Nach der Pause präsentierte das Orchester ein Werk, dass in seiner Unverwechselbarkeit seinesgleichen sucht. Konzertmeisterin Sibylle Kistermann und Dirigent Martin Künstner hatten bewusst die Sinfonie Nr. 5 in c-moll van Beethovens gewählt. Gerade im ersten Satz erfordert sie mit ihrem bekannten Schicksals-Motiv enorme Präzision im Zusammenspiel.

Die Herausforderung nimmt das Orchester mit Freude an und meistert sie spielend

Intensives Proben und manche Einheit zuhause war im Vorfeld angesagt. Gerade bei bekannten Stücken fällt dem kundigen Publikum der eine oder andere Fehler leichter auf – das Ebinger Kammerorchester scheute diese Herausforderung nicht und muss den Vergleich mit bekannteren Orchestern nicht scheuen.

Ob Dirigent Martin Künstner als zusätzliche Motivation für seine Musiker sich Beethoven daher optisch immer mehr annähert? Eine der Geigerinnen vermutete das augenzwinkernd.
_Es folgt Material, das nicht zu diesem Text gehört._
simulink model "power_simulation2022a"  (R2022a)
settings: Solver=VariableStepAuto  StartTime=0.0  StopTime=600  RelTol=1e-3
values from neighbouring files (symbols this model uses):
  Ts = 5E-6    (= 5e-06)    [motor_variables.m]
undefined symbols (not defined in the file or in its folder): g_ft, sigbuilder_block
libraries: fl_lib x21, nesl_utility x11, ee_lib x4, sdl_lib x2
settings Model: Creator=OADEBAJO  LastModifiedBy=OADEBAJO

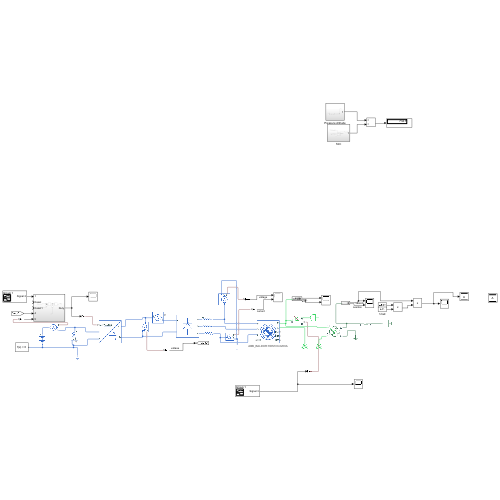
[thumbnail: Simulink's stored preview of the top-level diagram]
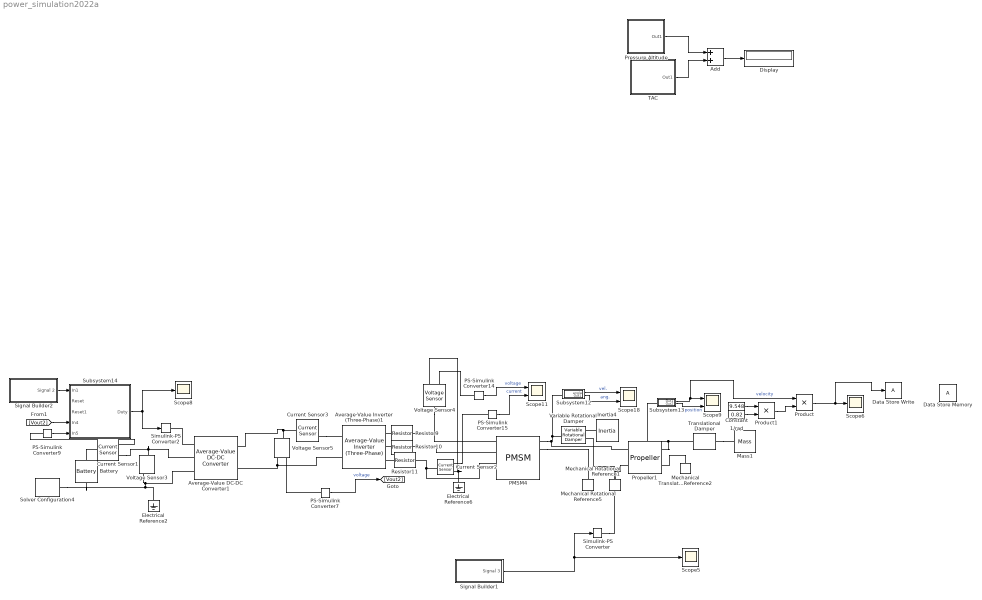
== system power_simulation2022a ==
  1/rad : Constant  Value=0.82
  Add : Sum
  Average-Value Inverter (Three-Phase)1 : ee_lib/Semiconductors & Converters/Converters/Average-Value Inverter (Three-Phase)  port_option=ee.enum.threePhasePort.expanded  FRated=60 Hz  PhaseShift=60 deg  voltage_ratio=sqrt(6) / pi  Pfixed=1e3 W  v_on=100 V  v_off=75 V
      settings: SourceProductBaseCode=PS  InternalSimscapePortConfiguration="{\"Bottom\":[],\"Left\":[{\"id\":\"p\",\"label\":\"+\",\"type\":\"foundation.electrical.electrical\"},{\"id\":\"n\",\"label\":\"-\",\"type\":\"foundation.electrical.electrical\"}],\"Right\":[{\"id\":\"a\",\"label\":\"a\",\"type\":\"foundation.electrical.electrical\"},{\"id\":\"b\",\"label\":\"b\",\"type\":\"foundation.electrical.electrical\"},{\"id\":\"c\",\"label\":\"c\",\"type\":\"foundation.electrical.electrical\"}],\"Top\":[]}"
  Average-Value DC-DC Converter1 : ee_lib/Semiconductors & Converters/Converters/Average-Value DC-DC Converter  control_option=ee.enum.converters.controlinput.dutycycle  converter_type=ee.enum.converters.dcdctype.buckboost  efficiency_option=ee.enum.converters.efficiency.constant  efficiency_fixed=95  i_vec=[0, 2, 5] A  efficiency_vec=[90, 95, 98]
      settings: SourceProductBaseCode=PS  InternalSimscapePortConfiguration="{\"Bottom\":[],\"Left\":[{\"id\":\"DutyCycle\",\"label\":\"DutyCycle\",\"type\":\"input\"},{\"id\":\"p1\",\"label\":\"1+\",\"type\":\"foundation.electrical.electrical\"},{\"id\":\"n1\",\"label\":\"1-\",\"type\":\"foundation.electrical.electrical\"}],\"Right\":[{\"id\":\"p2\",\"label\":\"2+\",\"type\":\"foundation.electrical.electrical\"},{\"id\":\"n2\",\"label\":\"2-\",\"type\":\"foundation.electrical.electrical\"}],\"Top\":[]}"
  Battery : ee_lib/Sources/Battery  Vnom=300 V  prm_dir=ee.enum.batterybasic.prm_dir.disabled  R1_dis=2 Ohm  R1_ch=2 Ohm  R1=0.001 Ohm  prm_AH=ee.enum.batterybasic.prm_AH.finite  AH=50 A*hr  V1=11.5 V  AH1=25 A*hr  prm_R2=ee.enum.batterybasic.prm_R2.disabled  R2=2000 Ohm  prm_dyn=ee.enum.batterybasic.prm_dyn.off  Rp1=0.005 Ohm  tau1=30 s  Rp2=0.005 Ohm  tau2=30 s  Rp3=0.005 Ohm  tau3=30 s  Rp4=0.005 Ohm  tau4=30 s  Rp5=0.005 Ohm  tau5=30 s  prm_fade=ee.enum.batterybasic.prm_fade.disabled  N_fade=100  AH_fade=45 A*hr  R1_fade=2.02 Ohm  R1_ch_fade=2.02 Ohm  V1_fade=10.35 V  prm_age=ee.enum.batterybasic.prm_age.disabled  prm_age_OCV=ee.enum.batterybasic.prm_age_OCV.OCV  OCV_age=0.9  SOC_age=60  delta_time_age_vec=[0] d  temperature_age_vec=[273] K  OCV_scaling_age=2.2134e6  OCV_offset_age=1.632e6  temp_exp_age=0.515833569 V  t_exp_age=0.75  i_specify=off  i_priority=None  i=0 A  i_nominal_specify=off  i_nominal_unit=A  i_nominal_value=1  v_specify=off  v_priority=None  v=0 V  v_nominal_specify=off  v_nominal_unit=V  v_nominal_value=1  charge_specify=off  charge_priority=High  charge=50 A*hr  charge_nominal_specify=off  charge_nominal_unit=A*hr  charge_nominal_value=1  num_cycles_specify=off  num_cycles_priority=High  num_cycles=0  num_cycles_nominal_specify=off  num_cycles_nominal_unit=1  num_cycles_nominal_value=1  Tmeas=298.15 K  Tmeas_age=298.15 K  Vnom_T2=12 V  R1_T2=2.2 Ohm  R1_T2_dis=2.2 Ohm  R1_T2_ch=2.2 Ohm  V1_T2=11.4 V  R2_T2=2200 Ohm  Rp1_T2=0.005 Ohm  tau1_T2=30 s  Rp2_T2=0.005 Ohm  tau2_T2=30 s  Rp3_T2=0.005 Ohm  tau3_T2=30 s  Rp4_T2=0.005 Ohm  tau4_T2=30 s  Rp5_T2=0.005 Ohm  tau5_T2=30 s  Tmeas2=273.15 K  thermal_mass=30000 J/K  temperature_specify=off  temperature_priority=High  temperature=298.15 K  temperature_nominal_specify=off  temperature_nominal_unit=K  temperature_nominal_value=1
  Constant : Constant  Value=9.548
  Current Sensor1 : fl_lib/Electrical/Electrical Sensors/Current Sensor
      settings: SourceProductBaseCode=PW,SS,VE
  Current Sensor2 : fl_lib/Electrical/Electrical Sensors/Current Sensor
      settings: SourceProductBaseCode=PW,SS,VE
  Current Sensor3 : fl_lib/Electrical/Electrical Sensors/Current Sensor
      settings: SourceProductBaseCode=PW,SS,VE
  Data Store Memory : DataStoreMemory  WriteAfterWriteMsg=warning  ShowAdditionalParam=off
  Data Store Write : DataStoreWrite  IndexOptions=Index vector (dialog)  Indices=1  OutputSizes=1
  Display : Display
  Electrical Reference2 : fl_lib/Electrical/Electrical Elements/Electrical Reference
      settings: SourceProductBaseCode=PW,SS,VE
  Electrical Reference6 : fl_lib/Electrical/Electrical Elements/Electrical Reference
      settings: SourceProductBaseCode=PW,SS,VE
  Inertia4 : fl_lib/Mechanical/Rotational Elements/Inertia  inertia=0.01 kg*m^2  num_ports=foundation.enum.numPorts2.one  w_specify=off  w_priority=High  w=0 rad/s  w_nominal_specify=off  w_nominal_unit=rad/s  w_nominal_value=1  t_specify=off  t_priority=None  t=0 N*m  t_nominal_specify=off  t_nominal_unit=N*m  t_nominal_value=1
      settings: SourceProductBaseCode=PW,SS,VE
  Mass1 : fl_lib/Mechanical/Translational Elements/Mass  mass=6 kg  num_ports=foundation.enum.numPorts2.one  v_specify=off  v_priority=High  v=0 m/s  v_nominal_specify=off  v_nominal_unit=m/s  v_nominal_value=1  f_specify=off  f_priority=None  f=0 N  f_nominal_specify=off  f_nominal_unit=N  f_nominal_value=1
      settings: SourceProductBaseCode=PW,SS,VE
  Mechanical Rotational Reference1 : fl_lib/Mechanical/Rotational Elements/Mechanical Rotational Reference
      settings: SourceProductBaseCode=PW,SS,VE
  Mechanical Rotational Reference5 : fl_lib/Mechanical/Rotational Elements/Mechanical Rotational Reference
      settings: SourceProductBaseCode=PW,SS,VE
  Mechanical Translational Reference2 : fl_lib/Mechanical/Translational Elements/Mechanical Translational Reference
      settings: SourceProductBaseCode=PW,SS,VE
  PMSM4 : ee_lib/Electromechanical/Permanent Magnet/PMSM  Tag={'toolbox/physmod/elec/library/m/ee_lib_parts';'Electromechanical/Permanent_Magnet/PMSM/ABB_BALDOR/HDS100_0206A.xml'}  port_option=ee.enum.threePhasePort.expanded  winding_type=ee.enum.statorconnection.wye  machine_param=ee.enum.pmsm.parameterization.constant  nPolePairs=5  pmflux_param=ee.enum.pmflux.fluxlinkage  pm_flux_linkage=0.0686133185085635 Wb  torque_constant=0.343066592542818 N*m/A  back_emf_constant=0.343066592542818 V/(rad/s)  stator_param=ee.enum.statorparam.LdLqL0  Ld=0.00855 H  Lq=0.00855 H  idVec=[-200 0 200] % Parameter not set A  iqVec=[-200 0 200] % Parameter not set A  LdMatrix=[0.0002 0.0002 0.0002;0.0002 0.0002 0.0002;0.0002 0.0002 0.0002] % Parameter not set H  LqMatrix=[0.0002 0.0002 0.0002;0.0002 0.0002 0.0002;0.0002 0.0002 0.0002] % Parameter not set H  PmMatrix=[0.1 0.1 0.1;0.1 0.1 0.1;0.1 0.1 0.1] Wb  ktMatrix=[0.18 0.18 0.18;0.18 0.18 0.18;0.18 0.18 0.18] N*m/A  keMatrix=[0.18 0.18 0.18;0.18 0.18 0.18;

Überzeugend jedenfalls war Künstners Dirigat und sein Engagement optisch eine Augenweide.

Unbekannter als der erste Satz – aber echte Perlen

Zu Unrecht weniger bekannt sind der zweite und der dritte Satz der Beethoven-Sinfonie, überzeugend vorgetragen die Pizzicato, bei denen die Saiten der Instrumente mit den Fingern angerissen werden, mitreißend der majestätische Drei-Achtel-Takt im Mittelsatz. Spielerisch meisterten die Musiker die Tempo-Übergänge, von den Achteln zu den Triolen und zurück zu den Sechzehnteln. Nicht nur die erfahrenen Musiker als Laien zu bezeichnen verbietet sich nach diesem Abend – auch der Nachwuchs des Orchesters überzeugt. Die Zuhörer dankten es mit langem Applaus.